Closed September 2017

Yes, You CAN Buy Time…

Checkbook It's fundraiser season again… time to buy your school's gift wrap, your scout's popcorn, and your football team's coupon books. We all wish this would be unnecessary, but it appears to be here to stay. Think about it, though– what is your personal time worth to be handling these sales and deliveries with your child? Would you be better off just writing a personal check to the organization instead and dispensing with the whole ordeal? Spending some time cuddling up with your child eating popcorn rather than walking around the block delivering it?

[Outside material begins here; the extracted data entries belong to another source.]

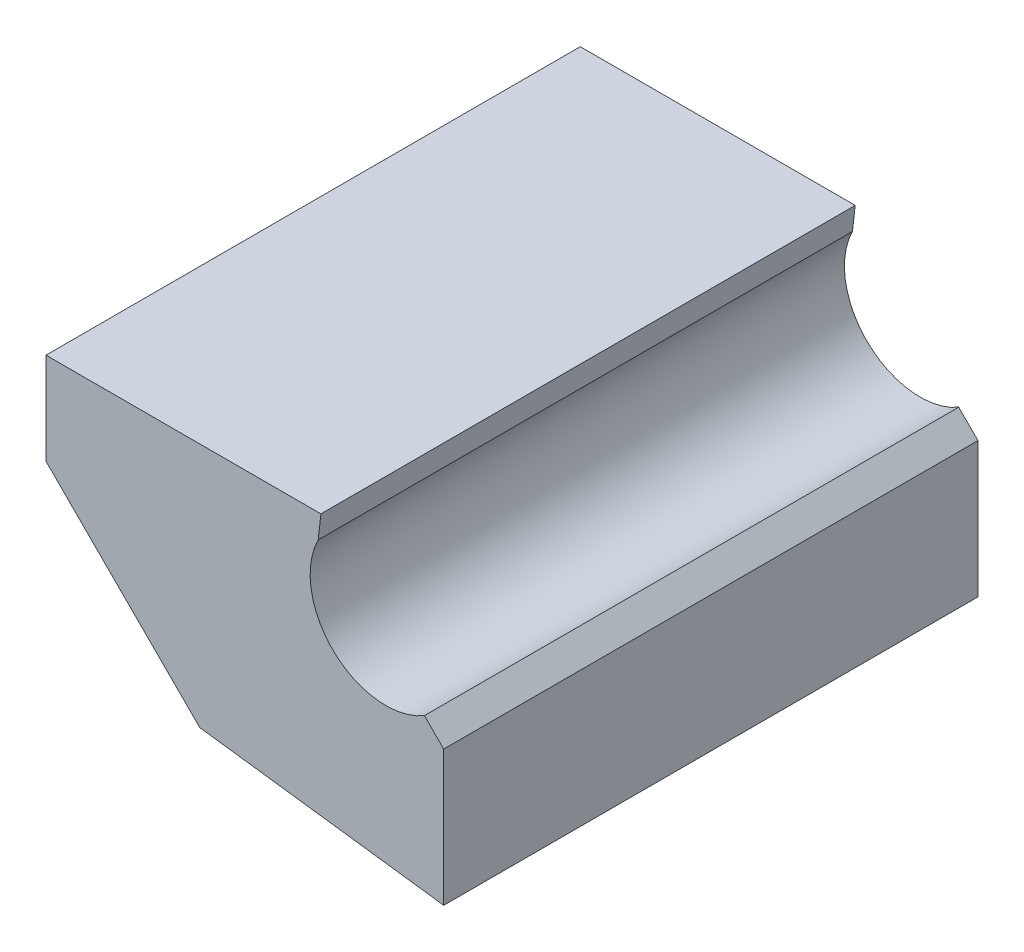
ISO-10303-21;
HEADER;
FILE_DESCRIPTION(('STEP AP214'),'2;1');
FILE_NAME('part.step','',(''),(''),'','','');
FILE_SCHEMA(('AUTOMOTIVE_DESIGN { 1 0 10303 214 1 1 1 1 }'));
ENDSEC;
DATA;
#1=APPLICATION_CONTEXT('core data for automotive mechanical design processes');
#2=APPLICATION_PROTOCOL_DEFINITION('international standard','automotive_design',2000,#1);
#3=PRODUCT_CONTEXT('',#1,'mechanical');
#4=PRODUCT('Part','Part','',(#3));
#5=PRODUCT_RELATED_PRODUCT_CATEGORY('part','',(#4));
#6=PRODUCT_DEFINITION_FORMATION('','',#4);
#7=PRODUCT_DEFINITION_CONTEXT('part definition',#1,'design');
#8=PRODUCT_DEFINITION('design','',#6,#7);
#9=PRODUCT_DEFINITION_SHAPE('','',#8);
#10=(LENGTH_UNIT() NAMED_UNIT(*) SI_UNIT(.MILLI.,.METRE.));
#11=(NAMED_UNIT(*) PLANE_ANGLE_UNIT() SI_UNIT($,.RADIAN.));
#12=(NAMED_UNIT(*) SI_UNIT($,.STERADIAN.) SOLID_ANGLE_UNIT());
#13=UNCERTAINTY_MEASURE_WITH_UNIT(LENGTH_MEASURE(1.E-05),#10,'distance_accuracy_value','');
#14=(GEOMETRIC_REPRESENTATION_CONTEXT(3) GLOBAL_UNCERTAINTY_ASSIGNED_CONTEXT((#13)) GLOBAL_UNIT_ASSIGNED_CONTEXT((#10,
#11,#12)) REPRESENTATION_CONTEXT('',''));
#15=CARTESIAN_POINT('',(0.,0.,0.));
#16=DIRECTION('',(0.,0.,1.));
#17=DIRECTION('',(1.,0.,0.));
#18=AXIS2_PLACEMENT_3D('',#15,#16,#17);
#19=CARTESIAN_POINT('',(-1.73973022761741,20.9381804961234,60.));
#20=DIRECTION('',(-1.,0.,0.));
#21=DIRECTION('',(0.,-1.,0.));
#22=AXIS2_PLACEMENT_3D('',#19,#20,#21);
#23=PLANE('',#22);
#24=DIRECTION('',(0.,1.,0.));
#25=VECTOR('',#24,1.);
#26=CARTESIAN_POINT('',(-1.73973022761741,20.9381804961234,0.));
#27=LINE('',#26,#25);
#28=CARTESIAN_POINT('',(-1.7397302276174,1.7397302276174,0.));
#29=VERTEX_POINT('',#28);
#30=CARTESIAN_POINT('',(-1.73973022761741,16.9381804961233,0.));
#31=VERTEX_POINT('',#30);
#32=EDGE_CURVE('E124',#29,#31,#27,.T.);
#33=ORIENTED_EDGE('',*,*,#32,.T.);
#34=DIRECTION('',(0.,0.,1.));
#35=VECTOR('',#34,1.);
#36=CARTESIAN_POINT('',(-1.73973022761741,16.9381804961233,60.));
#37=LINE('',#36,#35);
#38=CARTESIAN_POINT('',(-1.73973022761741,16.9381804961233,60.));
#39=VERTEX_POINT('',#38);
#40=EDGE_CURVE('E146',#31,#39,#37,.T.);
#41=ORIENTED_EDGE('',*,*,#40,.T.);
#42=DIRECTION('',(0.,1.,0.));
#43=VECTOR('',#42,1.);
#44=CARTESIAN_POINT('',(-1.73973022761741,20.9381804961234,60.));
#45=LINE('',#44,#43);
#46=CARTESIAN_POINT('',(-1.7397302276174,1.7397302276174,60.));
#47=VERTEX_POINT('',#46);
#48=EDGE_CURVE('E135',#47,#39,#45,.T.);
#49=ORIENTED_EDGE('',*,*,#48,.F.);
#50=DIRECTION('',(0.,0.,-1.));
#51=VECTOR('',#50,1.);
#52=CARTESIAN_POINT('',(-1.7397302276174,1.7397302276174,60.));
#53=LINE('',#52,#51);
#54=EDGE_CURVE('E116',#47,#29,#53,.T.);
#55=ORIENTED_EDGE('',*,*,#54,.T.);
#56=EDGE_LOOP('',(#33,#41,#49,#55));
#57=FACE_BOUND('',#56,.T.);
#58=ADVANCED_FACE('F33',(#57),#23,.F.);
#59=CARTESIAN_POINT('',(-8.23973022761739,26.415406071175,60.));
#60=DIRECTION('',(0.,0.,-1.));
#61=DIRECTION('',(-1.,0.,0.));
#62=AXIS2_PLACEMENT_3D('',#59,#60,#61);
#63=CYLINDRICAL_SURFACE('',#62,8.5);
#64=CARTESIAN_POINT('',(-8.23973022761739,26.415406071175,60.));
#65=DIRECTION('',(0.,0.,-1.));
#66=DIRECTION('',(1.,0.,0.));
#67=AXIS2_PLACEMENT_3D('',#64,#65,#66);
#68=CIRCLE('',#67,8.5);
#69=CARTESIAN_POINT('',(-3.90519678919163,19.1036470576976,60.));
#70=VERTEX_POINT('',#69);
#71=CARTESIAN_POINT('',(-15.8357207768003,30.2299738811273,60.));
#72=VERTEX_POINT('',#71);
#73=EDGE_CURVE('E108',#70,#72,#68,.T.);
#74=ORIENTED_EDGE('',*,*,#73,.F.);
#75=DIRECTION('',(0.,0.,-1.));
#76=VECTOR('',#75,1.);
#77=CARTESIAN_POINT('',(-3.90519678919163,19.1036470576976,60.));
#78=LINE('',#77,#76);
#79=CARTESIAN_POINT('',(-3.90519678919163,19.1036470576976,0.));
#80=VERTEX_POINT('',#79);
#81=EDGE_CURVE('E139',#70,#80,#78,.T.);
#82=ORIENTED_EDGE('',*,*,#81,.T.);
#83=CARTESIAN_POINT('',(-8.23973022761739,26.415406071175,0.));
#84=DIRECTION('',(0.,0.,-1.));
#85=DIRECTION('',(1.,0.,0.));
#86=AXIS2_PLACEMENT_3D('',#83,#84,#85);
#87=CIRCLE('',#86,8.5);
#88=CARTESIAN_POINT('',(-15.8357207768003,30.2299738811273,0.));
#89=VERTEX_POINT('',#88);
#90=EDGE_CURVE('E127',#80,#89,#87,.T.);
#91=ORIENTED_EDGE('',*,*,#90,.T.);
#92=DIRECTION('',(0.,0.,-1.));
#93=VECTOR('',#92,1.);
#94=CARTESIAN_POINT('',(-15.8357207768003,30.2299738811273,60.));
#95=LINE('',#94,#93);
#96=EDGE_CURVE('E115',#89,#72,#95,.F.);
#97=ORIENTED_EDGE('',*,*,#96,.T.);
#98=EDGE_LOOP('',(#74,#82,#91,#97));
#99=FACE_BOUND('',#98,.T.);
#100=ADVANCED_FACE('F175',(#99),#63,.F.);
#101=CARTESIAN_POINT('',(-46.4022226004261,32.915406071175,60.));
#102=DIRECTION('',(0.,-1.,0.));
#103=DIRECTION('',(0.,0.,-1.));
#104=AXIS2_PLACEMENT_3D('',#101,#102,#103);
#105=PLANE('',#104);
#106=DIRECTION('',(-1.,0.,0.));
#107=VECTOR('',#106,1.);
#108=CARTESIAN_POINT('',(-46.4022226004261,32.915406071175,60.));
#109=LINE('',#108,#107);
#110=CARTESIAN_POINT('',(-15.5304753879463,32.915406071175,60.));
#111=VERTEX_POINT('',#110);
#112=CARTESIAN_POINT('',(-46.4022226004261,32.915406071175,60.));
#113=VERTEX_POINT('',#112);
#114=EDGE_CURVE('E97',#111,#113,#109,.T.);
#115=ORIENTED_EDGE('',*,*,#114,.F.);
#116=DIRECTION('',(0.,0.,-1.));
#117=VECTOR('',#116,1.);
#118=CARTESIAN_POINT('',(-15.5304753879463,32.915406071175,60.));
#119=LINE('',#118,#117);
#120=CARTESIAN_POINT('',(-15.5304753879463,32.915406071175,0.));
#121=VERTEX_POINT('',#120);
#122=EDGE_CURVE('E151',#111,#121,#119,.T.);
#123=ORIENTED_EDGE('',*,*,#122,.T.);
#124=DIRECTION('',(-1.,0.,0.));
#125=VECTOR('',#124,1.);
#126=CARTESIAN_POINT('',(-46.4022226004261,32.915406071175,0.));
#127=LINE('',#126,#125);
#128=CARTESIAN_POINT('',(-46.4022226004261,32.915406071175,0.));
#129=VERTEX_POINT('',#128);
#130=EDGE_CURVE('E114',#121,#129,#127,.T.);
#131=ORIENTED_EDGE('',*,*,#130,.T.);
#132=DIRECTION('',(0.,0.,-1.));
#133=VECTOR('',#132,1.);
#134=CARTESIAN_POINT('',(-46.4022226004261,32.915406071175,60.));
#135=LINE('',#134,#133);
#136=EDGE_CURVE('E111',#113,#129,#135,.T.);
#137=ORIENTED_EDGE('',*,*,#136,.F.);
#138=EDGE_LOOP('',(#115,#123,#131,#137));
#139=FACE_BOUND('',#138,.T.);
#140=ADVANCED_FACE('F112',(#139),#105,.F.);
#141=CARTESIAN_POINT('',(-46.4022226004261,7.59296447097205,60.));
#142=DIRECTION('',(1.,0.,0.));
#143=DIRECTION('',(0.,0.,-1.));
#144=AXIS2_PLACEMENT_3D('',#141,#142,#143);
#145=PLANE('',#144);
#146=DIRECTION('',(0.,-1.,0.));
#147=VECTOR('',#146,1.);
#148=CARTESIAN_POINT('',(-46.4022226004261,7.59296447097205,0.));
#149=LINE('',#148,#147);
#150=CARTESIAN_POINT('',(-46.4022226004261,22.5929644709721,0.));
#151=VERTEX_POINT('',#150);
#152=EDGE_CURVE('E131',#129,#151,#149,.T.);
#153=ORIENTED_EDGE('',*,*,#152,.T.);
#154=DIRECTION('',(0.,0.,1.));
#155=VECTOR('',#154,1.);
#156=CARTESIAN_POINT('',(-46.4022226004261,22.5929644709721,60.));
#157=LINE('',#156,#155);
#158=CARTESIAN_POINT('',(-46.4022226004261,22.5929644709721,60.));
#159=VERTEX_POINT('',#158);
#160=EDGE_CURVE('E41',#151,#159,#157,.T.);
#161=ORIENTED_EDGE('',*,*,#160,.T.);
#162=DIRECTION('',(0.,-1.,0.));
#163=VECTOR('',#162,1.);
#164=CARTESIAN_POINT('',(-46.4022226004261,7.59296447097205,60.));
#165=LINE('',#164,#163);
#166=EDGE_CURVE('E100',#113,#159,#165,.T.);
#167=ORIENTED_EDGE('',*,*,#166,.F.);
#168=ORIENTED_EDGE('',*,*,#136,.T.);
#169=EDGE_LOOP('',(#153,#161,#167,#168));
#170=FACE_BOUND('',#169,.T.);
#171=ADVANCED_FACE('F118',(#170),#145,.F.);
#172=CARTESIAN_POINT('',(-1.7397302276174,1.7397302276174,60.));
#173=DIRECTION('',(0.12994364163226,0.991521381513958,0.));
#174=DIRECTION('',(-0.991521381513958,0.12994364163226,0.));
#175=AXIS2_PLACEMENT_3D('',#172,#173,#174);
#176=PLANE('',#175);
#177=DIRECTION('',(0.991521381513957,-0.12994364163226,0.));
#178=VECTOR('',#177,1.);
#179=CARTESIAN_POINT('',(-1.7397302276174,1.7397302276174,60.));
#180=LINE('',#179,#178);
#181=CARTESIAN_POINT('',(-29.1399141234784,5.33065599402424,60.));
#182=VERTEX_POINT('',#181);
#183=EDGE_CURVE('E119',#182,#47,#180,.T.);
#184=ORIENTED_EDGE('',*,*,#183,.F.);
#185=DIRECTION('',(0.,0.,-1.));
#186=VECTOR('',#185,1.);
#187=CARTESIAN_POINT('',(-29.1399141234784,5.33065599402424,60.));
#188=LINE('',#187,#186);
#189=CARTESIAN_POINT('',(-29.1399141234784,5.33065599402424,0.));
#190=VERTEX_POINT('',#189);
#191=EDGE_CURVE('E153',#182,#190,#188,.T.);
#192=ORIENTED_EDGE('',*,*,#191,.T.);
#193=DIRECTION('',(0.991521381513957,-0.12994364163226,0.));
#194=VECTOR('',#193,1.);
#195=CARTESIAN_POINT('',(-1.7397302276174,1.7397302276174,0.));
#196=LINE('',#195,#194);
#197=EDGE_CURVE('E133',#190,#29,#196,.T.);
#198=ORIENTED_EDGE('',*,*,#197,.T.);
#199=ORIENTED_EDGE('',*,*,#54,.F.);
#200=EDGE_LOOP('',(#184,#192,#198,#199));
#201=FACE_BOUND('',#200,.T.);
#202=ADVANCED_FACE('F159',(#201),#176,.F.);
#203=CARTESIAN_POINT('',(-8.23973022761739,26.415406071175,60.));
#204=DIRECTION('',(0.,0.,1.));
#205=DIRECTION('',(1.,0.,0.));
#206=AXIS2_PLACEMENT_3D('',#203,#204,#205);
#207=PLANE('',#206);
#208=ORIENTED_EDGE('',*,*,#166,.T.);
#209=DIRECTION('',(-0.707106781186546,0.707106781186549,0.));
#210=VECTOR('',#209,1.);
#211=CARTESIAN_POINT('',(-29.2321972141233,5.4229390846692,60.));
#212=LINE('',#211,#210);
#213=EDGE_CURVE('E11',#159,#182,#212,.F.);
#214=ORIENTED_EDGE('',*,*,#213,.T.);
#215=ORIENTED_EDGE('',*,*,#183,.T.);
#216=ORIENTED_EDGE('',*,*,#48,.T.);
#217=DIRECTION('',(0.707106781186545,-0.70710678118655,0.));
#218=VECTOR('',#217,1.);
#219=CARTESIAN_POINT('',(-9.72834301514323,24.9267932836492,60.));
#220=LINE('',#219,#218);
#221=EDGE_CURVE('E149',#39,#70,#220,.F.);
#222=ORIENTED_EDGE('',*,*,#221,.T.);
#223=ORIENTED_EDGE('',*,*,#73,.T.);
#224=DIRECTION('',(-0.11293987472967,-0.993601824020088,0.));
#225=VECTOR('',#224,1.);
#226=CARTESIAN_POINT('',(-16.166891131535,27.3164637562627,60.));
#227=LINE('',#226,#225);
#228=EDGE_CURVE('E104',#72,#111,#227,.F.);
#229=ORIENTED_EDGE('',*,*,#228,.T.);
#230=ORIENTED_EDGE('',*,*,#114,.T.);
#231=EDGE_LOOP('',(#208,#214,#215,#216,#222,#223,#229,#230));
#232=FACE_BOUND('',#231,.T.);
#233=ADVANCED_FACE('F99',(#232),#207,.T.);
#234=CARTESIAN_POINT('',(-8.23973022761739,26.415406071175,0.));
#235=DIRECTION('',(0.,0.,1.));
#236=DIRECTION('',(1.,0.,0.));
#237=AXIS2_PLACEMENT_3D('',#234,#235,#236);
#238=PLANE('',#237);
#239=ORIENTED_EDGE('',*,*,#197,.F.);
#240=DIRECTION('',(0.707106781186546,-0.707106781186549,0.));
#241=VECTOR('',#240,1.);
#242=CARTESIAN_POINT('',(-29.1399141234784,5.33065599402424,0.));
#243=LINE('',#242,#241);
#244=EDGE_CURVE('E55',#190,#151,#243,.F.);
#245=ORIENTED_EDGE('',*,*,#244,.T.);
#246=ORIENTED_EDGE('',*,*,#152,.F.);
#247=ORIENTED_EDGE('',*,*,#130,.F.);
#248=DIRECTION('',(0.11293987472967,0.993601824020088,0.));
#249=VECTOR('',#248,1.);
#250=CARTESIAN_POINT('',(-15.5304753879463,32.915406071175,0.));
#251=LINE('',#250,#249);
#252=EDGE_CURVE('E142',#121,#89,#251,.F.);
#253=ORIENTED_EDGE('',*,*,#252,.T.);
#254=ORIENTED_EDGE('',*,*,#90,.F.);
#255=DIRECTION('',(-0.707106781186545,0.70710678118655,0.));
#256=VECTOR('',#255,1.);
#257=CARTESIAN_POINT('',(-3.90519678919163,19.1036470576976,0.));
#258=LINE('',#257,#256);
#259=EDGE_CURVE('E144',#80,#31,#258,.F.);
#260=ORIENTED_EDGE('',*,*,#259,.T.);
#261=ORIENTED_EDGE('',*,*,#32,.F.);
#262=EDGE_LOOP('',(#239,#245,#246,#247,#253,#254,#260,#261));
#263=FACE_BOUND('',#262,.T.);
#264=ADVANCED_FACE('F163',(#263),#238,.F.);
#265=CARTESIAN_POINT('',(-3.90519678919163,19.1036470576976,60.));
#266=DIRECTION('',(-0.70710678118655,-0.707106781186545,0.));
#267=DIRECTION('',(0.,0.,-1.));
#268=AXIS2_PLACEMENT_3D('',#265,#266,#267);
#269=PLANE('',#268);
#270=ORIENTED_EDGE('',*,*,#221,.F.);
#271=ORIENTED_EDGE('',*,*,#40,.F.);
#272=ORIENTED_EDGE('',*,*,#259,.F.);
#273=ORIENTED_EDGE('',*,*,#81,.F.);
#274=EDGE_LOOP('',(#270,#271,#272,#273));
#275=FACE_BOUND('',#274,.T.);
#276=ADVANCED_FACE('F171',(#275),#269,.F.);
#277=CARTESIAN_POINT('',(-15.5304753879463,32.915406071175,60.));
#278=DIRECTION('',(-0.993601824020088,0.11293987472967,0.));
#279=DIRECTION('',(0.,0.,-1.));
#280=AXIS2_PLACEMENT_3D('',#277,#278,#279);
#281=PLANE('',#280);
#282=ORIENTED_EDGE('',*,*,#228,.F.);
#283=ORIENTED_EDGE('',*,*,#96,.F.);
#284=ORIENTED_EDGE('',*,*,#252,.F.);
#285=ORIENTED_EDGE('',*,*,#122,.F.);
#286=EDGE_LOOP('',(#282,#283,#284,#285));
#287=FACE_BOUND('',#286,.T.);
#288=ADVANCED_FACE('F179',(#287),#281,.F.);
#289=CARTESIAN_POINT('',(-29.1399141234784,5.33065599402424,60.));
#290=DIRECTION('',(0.707106781186549,0.707106781186546,0.));
#291=DIRECTION('',(0.,0.,-1.));
#292=AXIS2_PLACEMENT_3D('',#289,#290,#291);
#293=PLANE('',#292);
#294=ORIENTED_EDGE('',*,*,#213,.F.);
#295=ORIENTED_EDGE('',*,*,#160,.F.);
#296=ORIENTED_EDGE('',*,*,#244,.F.);
#297=ORIENTED_EDGE('',*,*,#191,.F.);
#298=EDGE_LOOP('',(#294,#295,#296,#297));
#299=FACE_BOUND('',#298,.T.);
#300=ADVANCED_FACE('F35',(#299),#293,.F.);
#301=CLOSED_SHELL('',(#58,#100,#140,#171,#202,#233,#264,#276,#288,#300));
#302=MANIFOLD_SOLID_BREP('B2',#301);
#303=ADVANCED_BREP_SHAPE_REPRESENTATION('',(#18,#302),#14);
#304=SHAPE_DEFINITION_REPRESENTATION(#9,#303);
ENDSEC;
END-ISO-10303-21;

My children's school has successfully done the "No Hassle Fundraiser" for several years. They say, basically, "Yes, we could make you sell gift wrap or magazines or candy, but you don't want to do that, do you? Why don't you just write us a check and we'll forget the whole thing." And I HAPPILY write that check. My kids have not sold anything as fundraisers for a long time. Everyone is very happy about this approach because they value the time savings, and not selling this stuff to each other means LESS CLUTTER too.

I really encourage people to look at the value of their time and be selective about spending it! Sometimes it absolutely makes sense to trade dollars for more time, outsourcing tasks like oil changes and lawn-mowing, for example. But think about it even for things you think you "have to" do, like the school fundraisers. This "How Much Is Your Time Worth?" calculator from allows you to plug in your own information to find the actual value of your leisure time by the hour. If you are a stay-at-home-mom, use this Mom Salary Wizard calculator to find the value of the ten+ jobs you are doing!

Whether or not you come up with an actual number per hour, remember that you can always get more money, but you can NEVER get more time. If you waste it, it's gone. It is the most precious commodity we have. What other obligations could you make disappear with a smart decision? Share your thoughts in the comments! (Thanks so much to Anne for this blog idea!)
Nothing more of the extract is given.